Stored dataset items:
========================================================================

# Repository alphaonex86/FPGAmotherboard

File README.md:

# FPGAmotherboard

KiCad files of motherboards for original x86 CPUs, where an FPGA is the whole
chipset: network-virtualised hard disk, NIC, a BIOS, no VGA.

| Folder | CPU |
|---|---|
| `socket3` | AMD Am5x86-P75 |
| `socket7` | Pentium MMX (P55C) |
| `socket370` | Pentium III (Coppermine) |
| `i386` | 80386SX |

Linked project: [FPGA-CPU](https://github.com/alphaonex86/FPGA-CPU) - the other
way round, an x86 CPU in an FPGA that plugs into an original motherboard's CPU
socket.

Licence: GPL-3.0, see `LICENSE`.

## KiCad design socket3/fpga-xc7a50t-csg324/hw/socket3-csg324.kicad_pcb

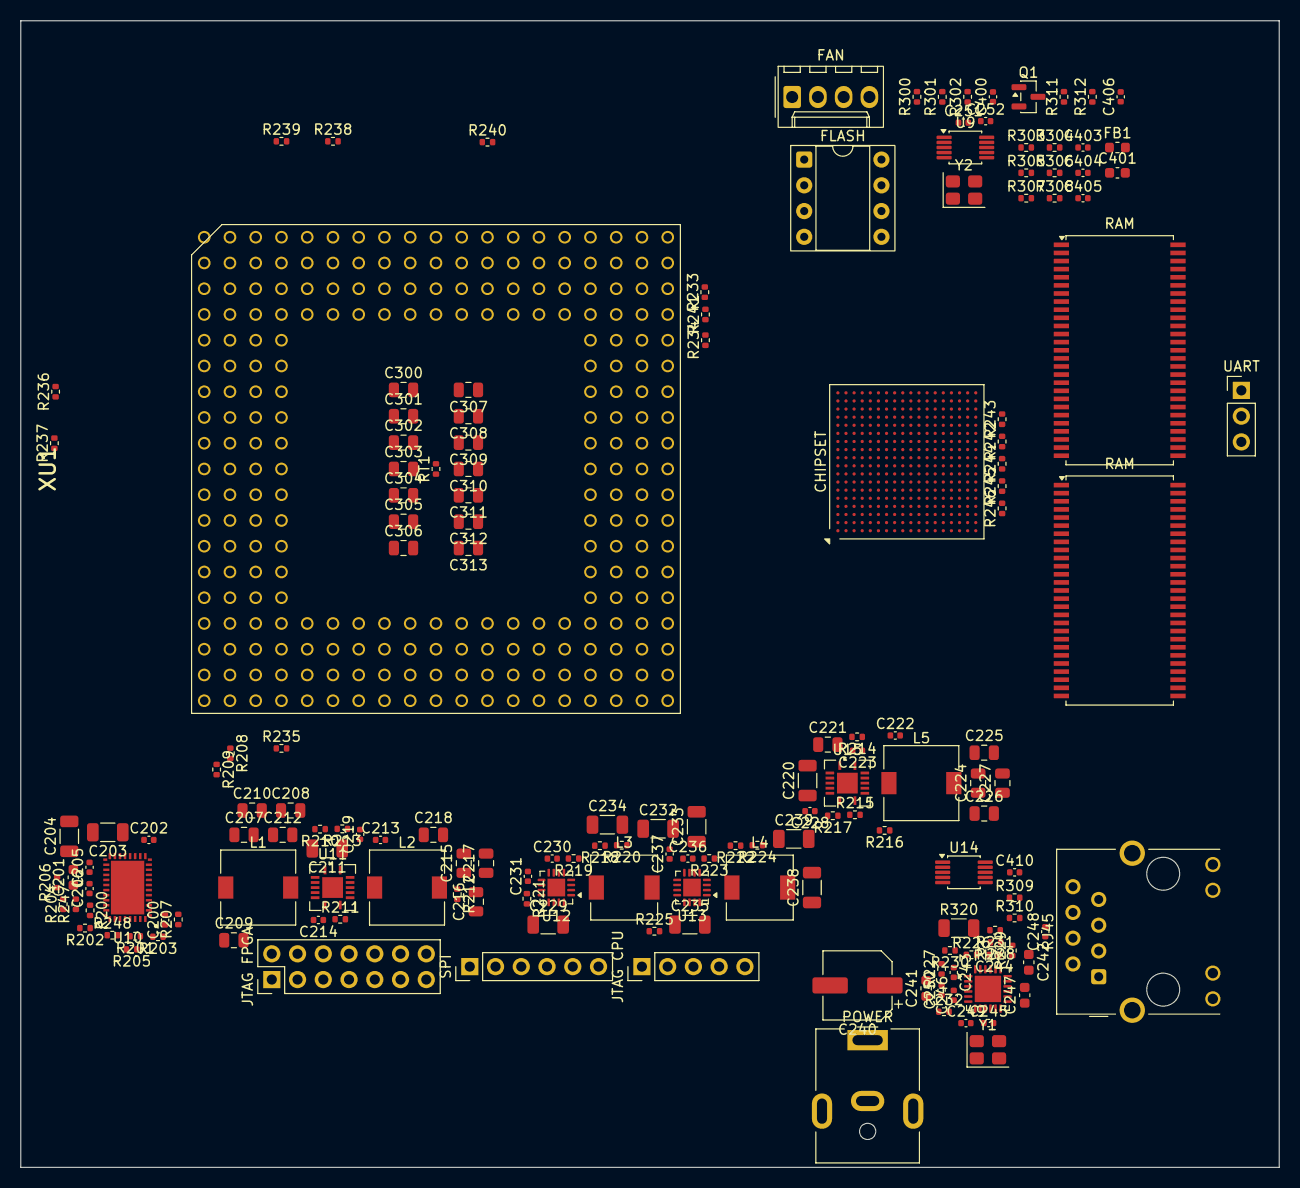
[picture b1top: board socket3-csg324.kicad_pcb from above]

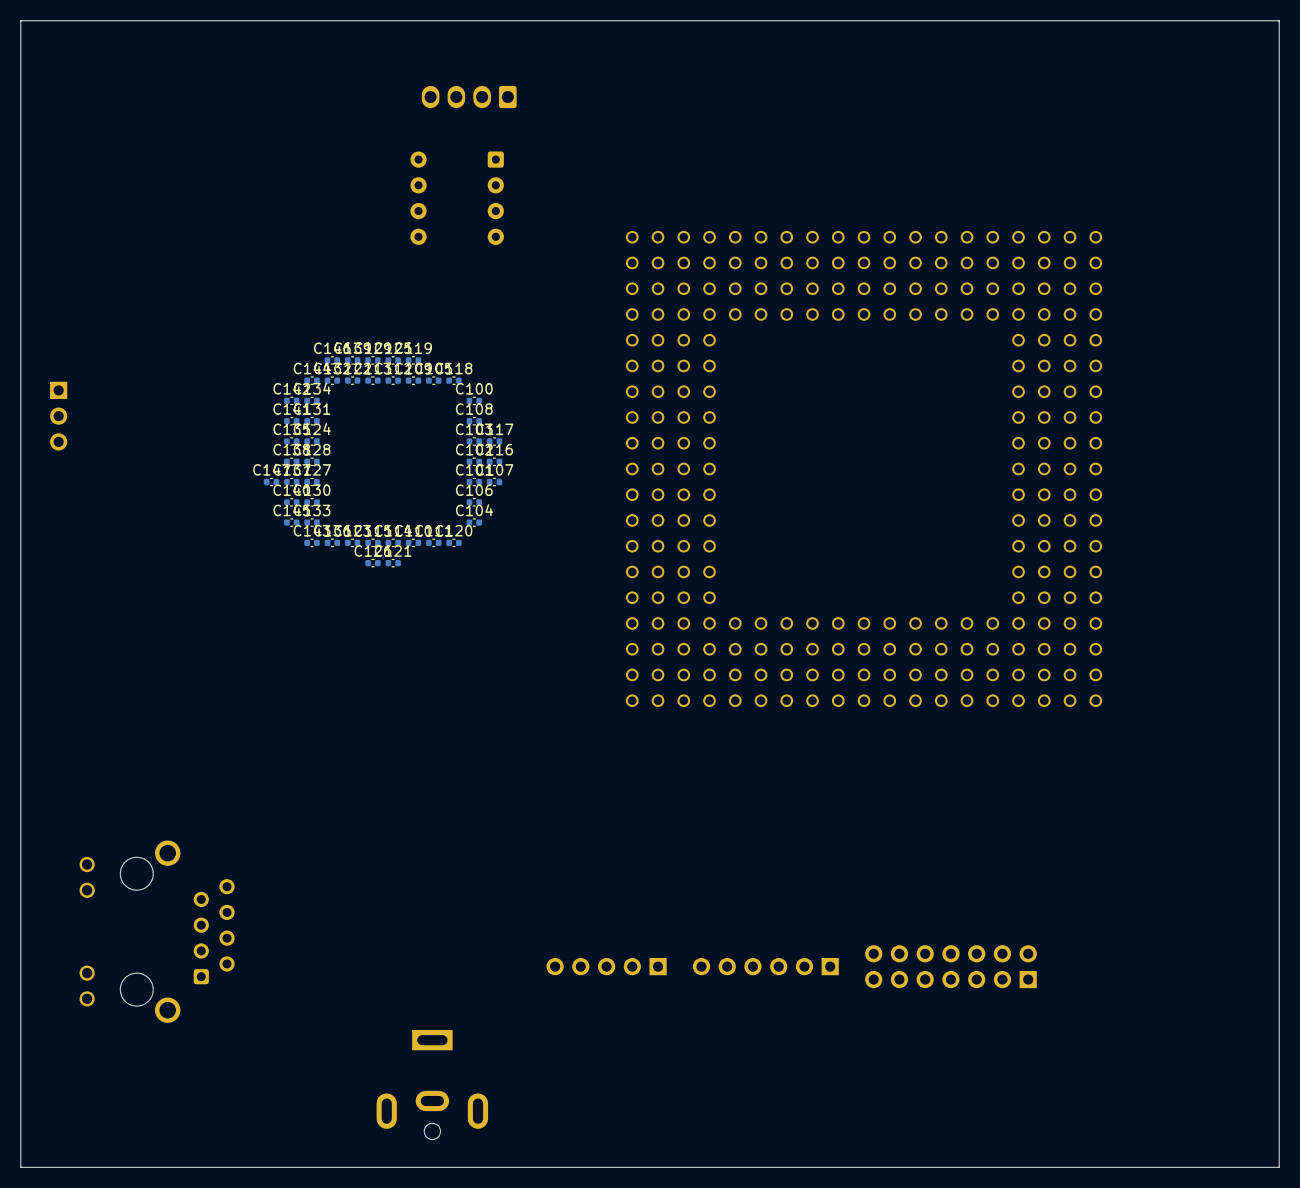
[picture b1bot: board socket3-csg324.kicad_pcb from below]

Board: 6 copper layers, 124.1 x 113.1 mm, 215 parts (48 on the bottom side), 267 nets, no tracks yet.

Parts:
C100, C101, C102, C103, C104, C105, C106, C107, C108, C109, C110, C111, C112, C113, C114, C115, C116, C117, C118, C119, C120, C121, C122, C123, C124, C125, C126, C127, C128, C129, C130, C131, C132, C133, C134, C135, C136, C137, C138, C139, C140, C141, C142, C143, C144, C145, C146, C147: 470nF; C_0402_1005Metric
C200: 1uF 16V X6S; C_0402_1005Metric
C201: 4.7uF 16V X5R; C_0603_1608Metric
C202: 100nF 16V X5R; C_0402_1005Metric
C203, C204, C211, C220, C229, C232, C233, C234, C235, C238, C239: 22uF 25V X5R; C_1206_3216Metric
C205, C214, C223, C403, C404, C405, C406: 10nF 50V X7R; C_0402_1005Metric
C206: 1uF 25V X5R; C_0402_1005Metric
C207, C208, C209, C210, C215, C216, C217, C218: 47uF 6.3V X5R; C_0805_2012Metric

========================================================================

Prompt:
Nothing should appear in the output except the lines from the one with "[picture b1bot: board" through the end of the records above, copied exactly.

Output for this task:
[picture b1bot: board socket3-csg324.kicad_pcb from below]

Board: 6 copper layers, 124.1 x 113.1 mm, 215 parts (48 on the bottom side), 267 nets, no tracks yet.

Parts:
C100, C101, C102, C103, C104, C105, C106, C107, C108, C109, C110, C111, C112, C113, C114, C115, C116, C117, C118, C119, C120, C121, C122, C123, C124, C125, C126, C127, C128, C129, C130, C131, C132, C133, C134, C135, C136, C137, C138, C139, C140, C141, C142, C143, C144, C145, C146, C147: 470nF; C_0402_1005Metric
C200: 1uF 16V X6S; C_0402_1005Metric
C201: 4.7uF 16V X5R; C_0603_1608Metric
C202: 100nF 16V X5R; C_0402_1005Metric
C203, C204, C211, C220, C229, C232, C233, C234, C235, C238, C239: 22uF 25V X5R; C_1206_3216Metric
C205, C214, C223, C403, C404, C405, C406: 10nF 50V X7R; C_0402_1005Metric
C206: 1uF 25V X5R; C_0402_1005Metric
C207, C208, C209, C210, C215, C216, C217, C218: 47uF 6.3V X5R; C_0805_2012Metric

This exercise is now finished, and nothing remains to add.